O processo, ainda em evolução e, por isso, sem histórico suficiente para permitir definir a validade da solução elétrica em termos operacionais e de custos, vai servir para ajudar “a tomar as melhores decisões num mercado tão volátil como o que presenciamos”, esclarece João Ganchas.

Pool para reduzir custos com alugueres

Há ano e meio que Hélder Albuquerque tem, entre outras tarefas, o trabalho de optimização da pool de 140 viaturas, um dos projetos de mobilidade do ISQ.

“Desenvolvemos uma plataforma de pool de viaturas, cujo principal objetivo foi otimizar a utilização dos veículos que compõem a frota da Direção de Soluções Integradas de Engenharia do ISQ. Esta solução traz várias vantagens: por um lado, a partilha de viaturas entre colaboradores proporciona uma maior disponibilidade dos veículos para uma utilização diária, bem como uma optimização dos custos da Direção; por outro, é possível afetar o custo real da viatura a cada projeto, através da modalidade de utilizador/pagador”.

O modelo de gestão da pool desenvolvido internamente assenta numa plataforma que permite gerir a taxa de ocupação e a disponibilidade das viaturas para o dia-a-dia.

No início, a reserva da viatura era feita nesta plataforma mas, esclarece Hélder Albuquerque, atualmente os pedidos são feitos via telefone ou por correio electrónico, para permitir um maior controlo das reservas.

Todas as entradas e saídas das viaturas ficam registadas em nome do utilizador, incluindo a data e hora, tanto da entrega como da recolha.

“É essencial manter uma boa comunicação com os condutores, por forma a acompanhar as suas necessidades no dia-a-dia e, até antecipá-las, mas também para os sensibilizar quanto às necessidades de cumprimento dos prazos previstos de utilização de cada viatura.
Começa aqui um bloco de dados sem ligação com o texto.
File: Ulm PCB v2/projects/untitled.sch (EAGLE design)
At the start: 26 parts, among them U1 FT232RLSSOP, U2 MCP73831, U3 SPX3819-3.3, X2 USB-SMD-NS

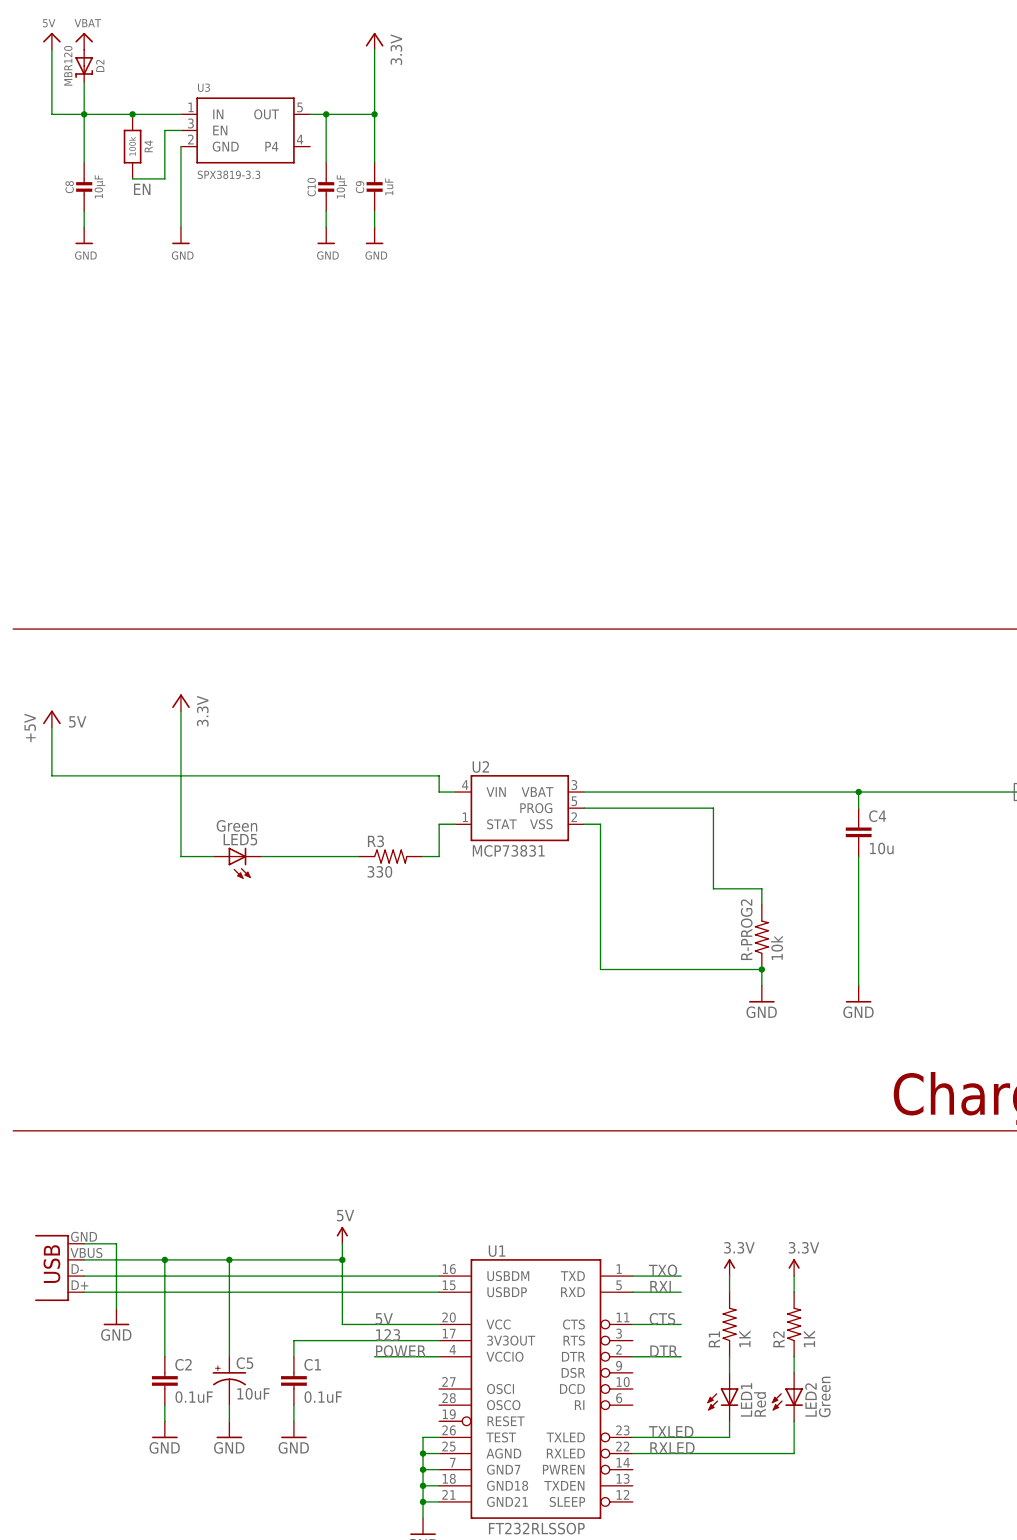
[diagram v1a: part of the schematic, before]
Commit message: replaced some parts with their bigger equivalent
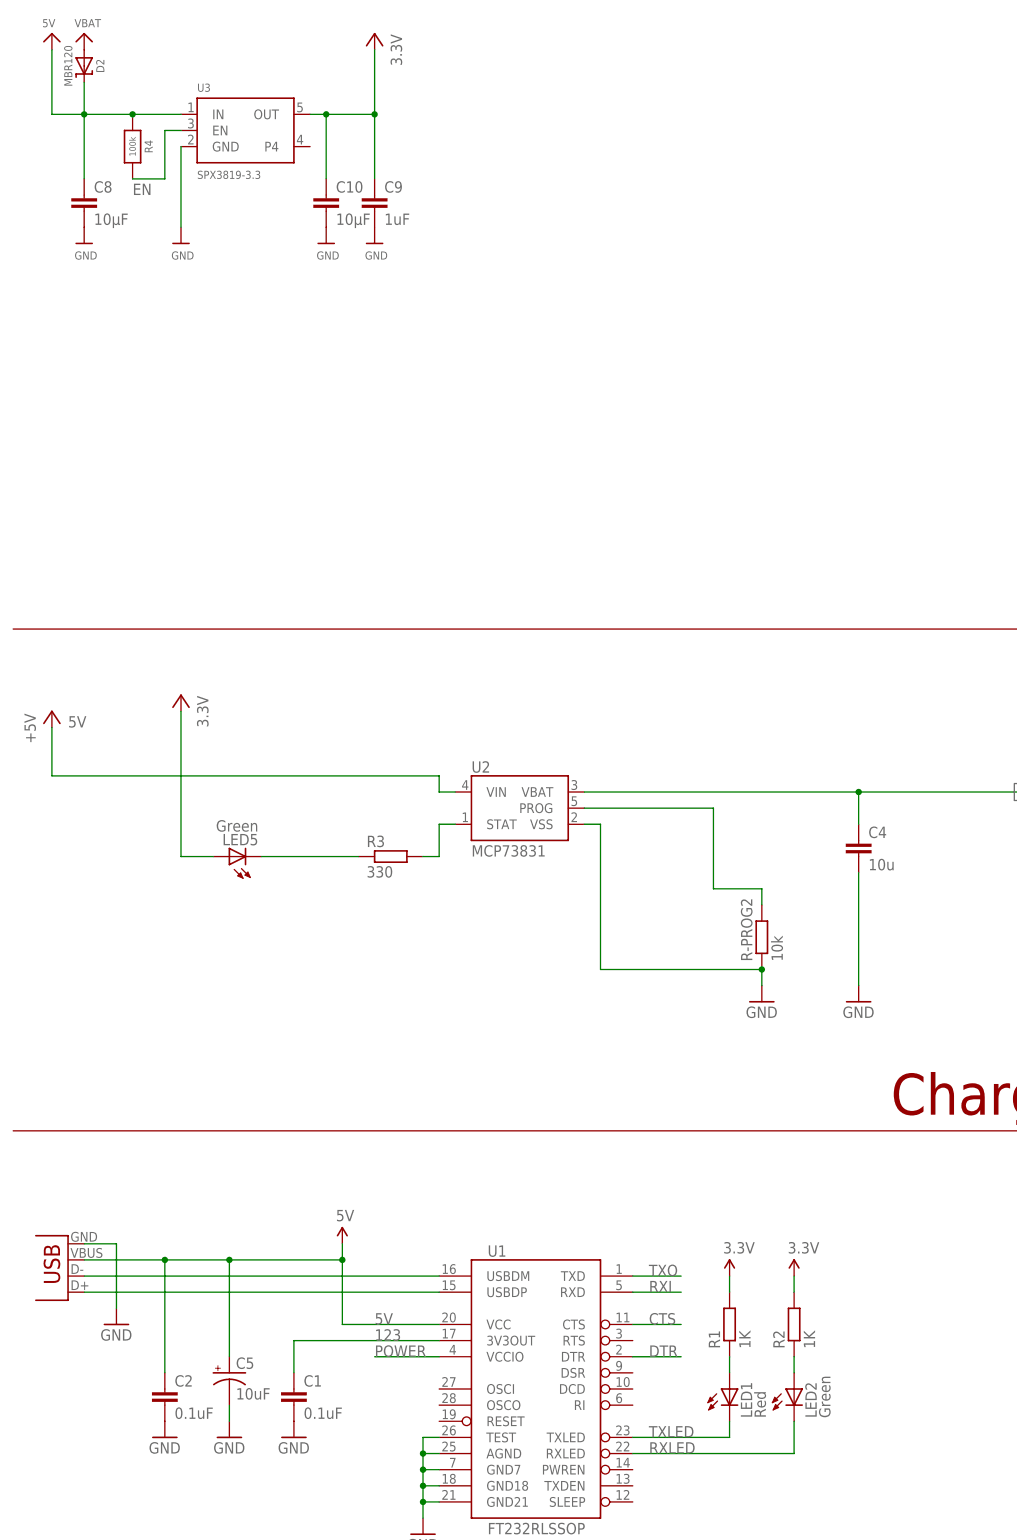
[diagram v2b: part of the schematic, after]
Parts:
- C1, C2: device SparkFun:CAP0402-CAP -> rcl:C-EUC0805
- C10, C8: device microbuilder:CAP_CERAMIC0805-NOOUTLINE -> rcl:C-EUC0805
- C4: device SparkFun-Capacitors:4.7UF-6.3V-10%(0603)0603 -> rcl:C-EUC0805
- C9: device microbuilder:CAP_CERAMIC0603_NO -> rcl:C-EUC0805
- R-PROG2: device SparkFun-Resistors:10KOHM1/10W1%(0603)0603 -> rcl:R-EU_R0603
- R1, R2: device SparkFun:RESISTOR0402-RES -> rcl:R-EU_R0603
- R3: device SparkFun-Resistors:330OHM1/10W1%(0603) -> rcl:R-EU_R0603
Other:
- moved on the sheet: C1, C10, C2, C4, C8, C9
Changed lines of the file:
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@@
 <part name="GND4" library="supply1" deviceset="GND" device=""/>
 <part name="GND6" library="supply1" deviceset="GND" device=""/>
-<part name="C2" library="SparkFun" deviceset="CAP" device="0402-CAP" value="0.1uF"/>
+<part name="C2" library="rcl" library_urn="urn:adsk.eagle:library:334" deviceset="C-EU" device="C0805" value="0.1uF"/>
 <part name="C5" library="SparkFun" deviceset="CAP_POL" device="1206" value="10uF"/>
-<part name="C1" library="SparkFun" deviceset="CAP" device="0402-CAP" value="0.1uF"/>
+<part name="C1" library="rcl" library_urn="urn:adsk.eagle:library:334" deviceset="C-EU" device="C0805" value="0.1uF"/>
 <part name="X2" library="SparkFun" deviceset="USB" device="-SMD-NS"/>
 <part name="GND2" library="SparkFun" deviceset="GND" device=""/>
@@
 <part name="GND7" library="SparkFun" deviceset="GND" device=""/>
 <part name="GND8" library="SparkFun" deviceset="GND" device=""/>
-<part name="R1" library="SparkFun" deviceset="RESISTOR" device="0402-RES" value="1K"/>
-<part name="R2" library="SparkFun" deviceset="RESISTOR" device="0402-RES" value="1K"/>
+<part name="R1" library="rcl" library_urn="urn:adsk.eagle:library:334" deviceset="R-EU_" device="R0603" value="1K"/>
+<part name="R2" library="rcl" library_urn="urn:adsk.eagle:library:334" deviceset="R-EU_" device="R0603" value="1K"/>
 <part name="LED1" library="SparkFun" deviceset="LED" device="0603" value="Red"/>
 <part name="LED2" library="SparkFun" deviceset="LED" device="0603" value="Green"/>
@@
 <part name="GND1" library="supply1" deviceset="GND" device=""/>
 <part name="U2" library="SparkFun-PowerIC" deviceset="MCP73831" device=""/>
-<part name="R3" library="SparkFun-Resistors" deviceset="330OHM1/10W1%(0603)" device="" value="330"/>
-<part name="C4" library="SparkFun-Capacitors" deviceset="4.7UF-6.3V-10%(0603)" device="0603" value="10u"/>
+<part name="R3" library="rcl" library_urn="urn:adsk.eagle:library:334" deviceset="R-EU_" device="R0603" value="330"/>
+<part name="C4" library="rcl" library_urn="urn:adsk.eagle:library:334" deviceset="C-EU" device="C0805" value="10u"/>
 <part name="GND12" library="SparkFun" deviceset="GND" device=""/>
-<part name="R-PROG2" library="SparkFun-Resistors" deviceset="10KOHM1/10W1%(0603)" device="0603" value="10k"/>
+<part name="R-PROG2" library="rcl" library_urn="urn:adsk.eagle:library:334" deviceset="R-EU_" device="R0603" value="10k"/>
 <part name="GND14" library="SparkFun" deviceset="GND" device=""/>
 <part name="FRAME1" library="frames" deviceset="A3L-LOC" device=""/>
@@
 <part name="GND9" library="supply1" deviceset="GND" device=""/>
 <part name="P+3" library="supply1" deviceset="VCC" device=""/>
-<part name="C6" library="rcl" deviceset="C-EU" device="C0805" value="100n"/>
+<part name="C6" library="rcl" library_urn="urn:adsk.eagle:library:334" deviceset="C-EU" device="C0805" value="100n"/>
 <part name="C7" library="rcl" deviceset="C-EU" device="C0805" value="100n"/>
 <part name="U$6" library="_c2h" deviceset="RFM95" device=""/>
@@
 <part name="GND13" library="supply1" deviceset="GND" device=""/>
 <part name="GND16" library="supply1" deviceset="GND" device=""/>
-<part name="C8" library="microbuilder" deviceset="CAP_CERAMIC" device="0805-NOOUTLINE" value="10µF"/>
-<part name="C9" library="microbuilder" deviceset="CAP_CERAMIC" device="0603_NO" value="1uF"/>
+<part name="C8" library="rcl" library_urn="urn:adsk.eagle:library:334" deviceset="C-EU" device="C0805" value="10µF"/>
+<part name="C9" library="rcl" library_urn="urn:adsk.eagle:library:334" deviceset="C-EU" device="C0805" value="1uF"/>
 <part name="U$27" library="microbuilder" deviceset="GND" device=""/>
 <part name="U$28" library="microbuilder" deviceset="GND" device=""/>
-<part name="C10" library="microbuilder" deviceset="CAP_CERAMIC" device="0805-NOOUTLINE" value="10µF"/>
+<part name="C10" library="rcl" library_urn="urn:adsk.eagle:library:334" deviceset="C-EU" device="C0805" value="10µF"/>
 <part name="U$29" library="microbuilder" deviceset="GND" device=""/>
 <part name="U$30" library="microbuilder" deviceset="GND" device=""/>
@@
 </segment>
 <segment>
-<wire x1="-121.92" y1="213.36" x2="-121.92" y2="210.82" width="0.1524" layer="91"/>
 <pinref part="GND2" gate="1" pin="GND"/>
 <pinref part="C1" gate="G$1" pin="2"/>
@@
 </segment>
 <segment>
-<wire x1="-142.24" y1="213.36" x2="-142.24" y2="210.82" width="0.1524" layer="91"/>
 <pinref part="C2" gate="G$1" pin="2"/>
 <pinref part="GND7" gate="1" pin="GND"/>
@@
 </segment>
 <segment>
-<wire x1="-33.02" y1="279.4" x2="-33.02" y2="299.72" width="0.1524" layer="91"/>
+<wire x1="-33.02" y1="279.4" x2="-33.02" y2="297.18" width="0.1524" layer="91"/>
 <pinref part="GND12" gate="1" pin="GND"/>
 <pinref part="C4" gate="G$1" pin="2"/>
@@
 <pinref part="C9" gate="G$1" pin="2"/>
 <pinref part="U$28" gate="G$1" pin="GND"/>
-<wire x1="-109.22" y1="401.32" x2="-109.22" y2="398.78" width="0.1524" layer="91"/>
 </segment>
 <segment>
 <pinref part="C8" gate="G$1" pin="2"/>
 <pinref part="U$27" gate="G$1" pin="GND"/>
-<wire x1="-154.94" y1="401.32" x2="-154.94" y2="398.78" width="0.1524" layer="91"/>
 </segment>
 <segment>
 <pinref part="C10" gate="G$1" pin="2"/>
 <pinref part="U$29" gate="G$1" pin="GND"/>
-<wire x1="-116.84" y1="401.32" x2="-116.84" y2="398.78" width="0.1524" layer="91"/>
 </segment>
 <segment>
@@
 <wire x1="-109.22" y1="416.56" x2="-109.22" y2="426.72" width="0.1524" layer="91"/>
 <pinref part="C9" gate="G$1" pin="1"/>
-<wire x1="-109.22" y1="416.56" x2="-109.22" y2="408.94" width="0.1524" layer="91"/>
+<wire x1="-109.22" y1="416.56" x2="-109.22" y2="406.4" width="0.1524" layer="91"/>
 <junction x="-109.22" y="416.56"/>
 <pinref part="C10" gate="G$1" pin="1"/>
-<wire x1="-116.84" y1="408.94" x2="-116.84" y2="416.56" width="0.1524" layer="91"/>
+<wire x1="-116.84" y1="406.4" x2="-116.84" y2="416.56" width="0.1524" layer="91"/>
 <junction x="-116.84" y="416.56"/>
 <pinref part="+3V4" gate="G$1" pin="+3V3"/>
@@
 <wire x1="-114.3" y1="226.06" x2="-99.06" y2="226.06" width="0.1524" layer="91"/>
 <wire x1="-132.08" y1="220.98" x2="-132.08" y2="236.22" width="0.1524" layer="91"/>
-<wire x1="-142.24" y1="220.98" x2="-142.24" y2="236.22" width="0.1524" layer="91"/>
+<wire x1="-142.24" y1="218.44" x2="-142.24" y2="236.22" width="0.1524" layer="91"/>
 <wire x1="-154.94" y1="236.22" x2="-142.24" y2="236.22" width="0.1524" layer="91"/>
 <wire x1="-114.3" y1="238.76" x2="-114.3" y2="236.22" width="0.1524" layer="91"/>
@@
 <wire x1="-139.7" y1="416.56" x2="-147.32" y2="416.56" width="0.1524" layer="91"/>
 <wire x1="-147.32" y1="416.56" x2="-154.94" y2="416.56" width="0.1524" layer="91"/>
-<wire x1="-154.94" y1="416.56" x2="-154.94" y2="408.94" width="0.1524" layer="91"/>
+<wire x1="-154.94" y1="416.56" x2="-154.94" y2="406.4" width="0.1524" layer="91"/>
 <wire x1="-154.94" y1="421.64" x2="-154.94" y2="416.56" width="0.1524" layer="91"/>
 <pinref part="U3" gate="G$1" pin="IN"/>
@@
 <segment>
 <pinref part="C4" gate="G$1" pin="1"/>
-<wire x1="-33.02" y1="309.88" x2="-33.02" y2="307.34" width="0.1524" layer="91"/>
+<wire x1="-33.02" y1="309.88" x2="-33.02" y2="304.8" width="0.1524" layer="91"/>
 <wire x1="-76.2" y1="309.88" x2="-33.02" y2="309.88" width="0.1524" layer="91"/>
 <pinref part="U2" gate="G$1" pin="VBAT"/>
@@
 <segment>
 <wire x1="-99.06" y1="223.52" x2="-121.92" y2="223.52" width="0.1524" layer="91"/>
-<wire x1="-121.92" y1="223.52" x2="-121.92" y2="220.98" width="0.1524" layer="91"/>
+<wire x1="-121.92" y1="223.52" x2="-121.92" y2="218.44" width="0.1524" layer="91"/>
 <label x="-109.22" y="223.52" size="1.778" layer="95"/>
 <pinref part="U1" gate="G$1" pin="3V3OUT"/>
@@
 </schematic>
 </drawing>
+<compatibility>
+<note version="8.2" severity="warning">
+Since Version 8.2, Eagle supports online libraries. The ids
+of those online libraries will not be understood (or retained)
+with this version.
+</note>
+</compatibility>
 </eagle>

É igualmente necessária uma boa relação com as oficinas, no sentido de ter as viaturas imobilizadas o mínimo tempo possível, de modo a maximizar a disponibilidade e rentabilidade de utilização da frota”, diz Hélder Albuquerque, deste modo destacando a importância de assegurar uma pronta resposta às necessidades dos utilizadores deste serviço.

poolApesar de ser ainda cedo para medir os ganhos totais alcançados com a introdução desta solução, dois factores são evidenciados por este responsável: a mudança de clima na organização por diminuição de conflitos de falta de disponibilidade das viaturas e a significativa redução de custos derivado de um menor recurso a alugueres pontuais de viaturas de rent-a-car.

“A comunicação com os utilizadores é fundamental na gestão de uma ‘pool’, para que um planeamento atempado da entrada e saída das viaturas, assegure a disponibilidade e operacionalidade das mesmas”, reforça. “Porque só deste modo se consegue garantir que todos vão conseguir cumprir com os seus compromissos junto dos clientes”, conclui Hélder Albuquerque.

1.ª Parte da Reportagem

Frota ISQ: eletrificação gera incógnitas na negociação e incertezas nos custos (I)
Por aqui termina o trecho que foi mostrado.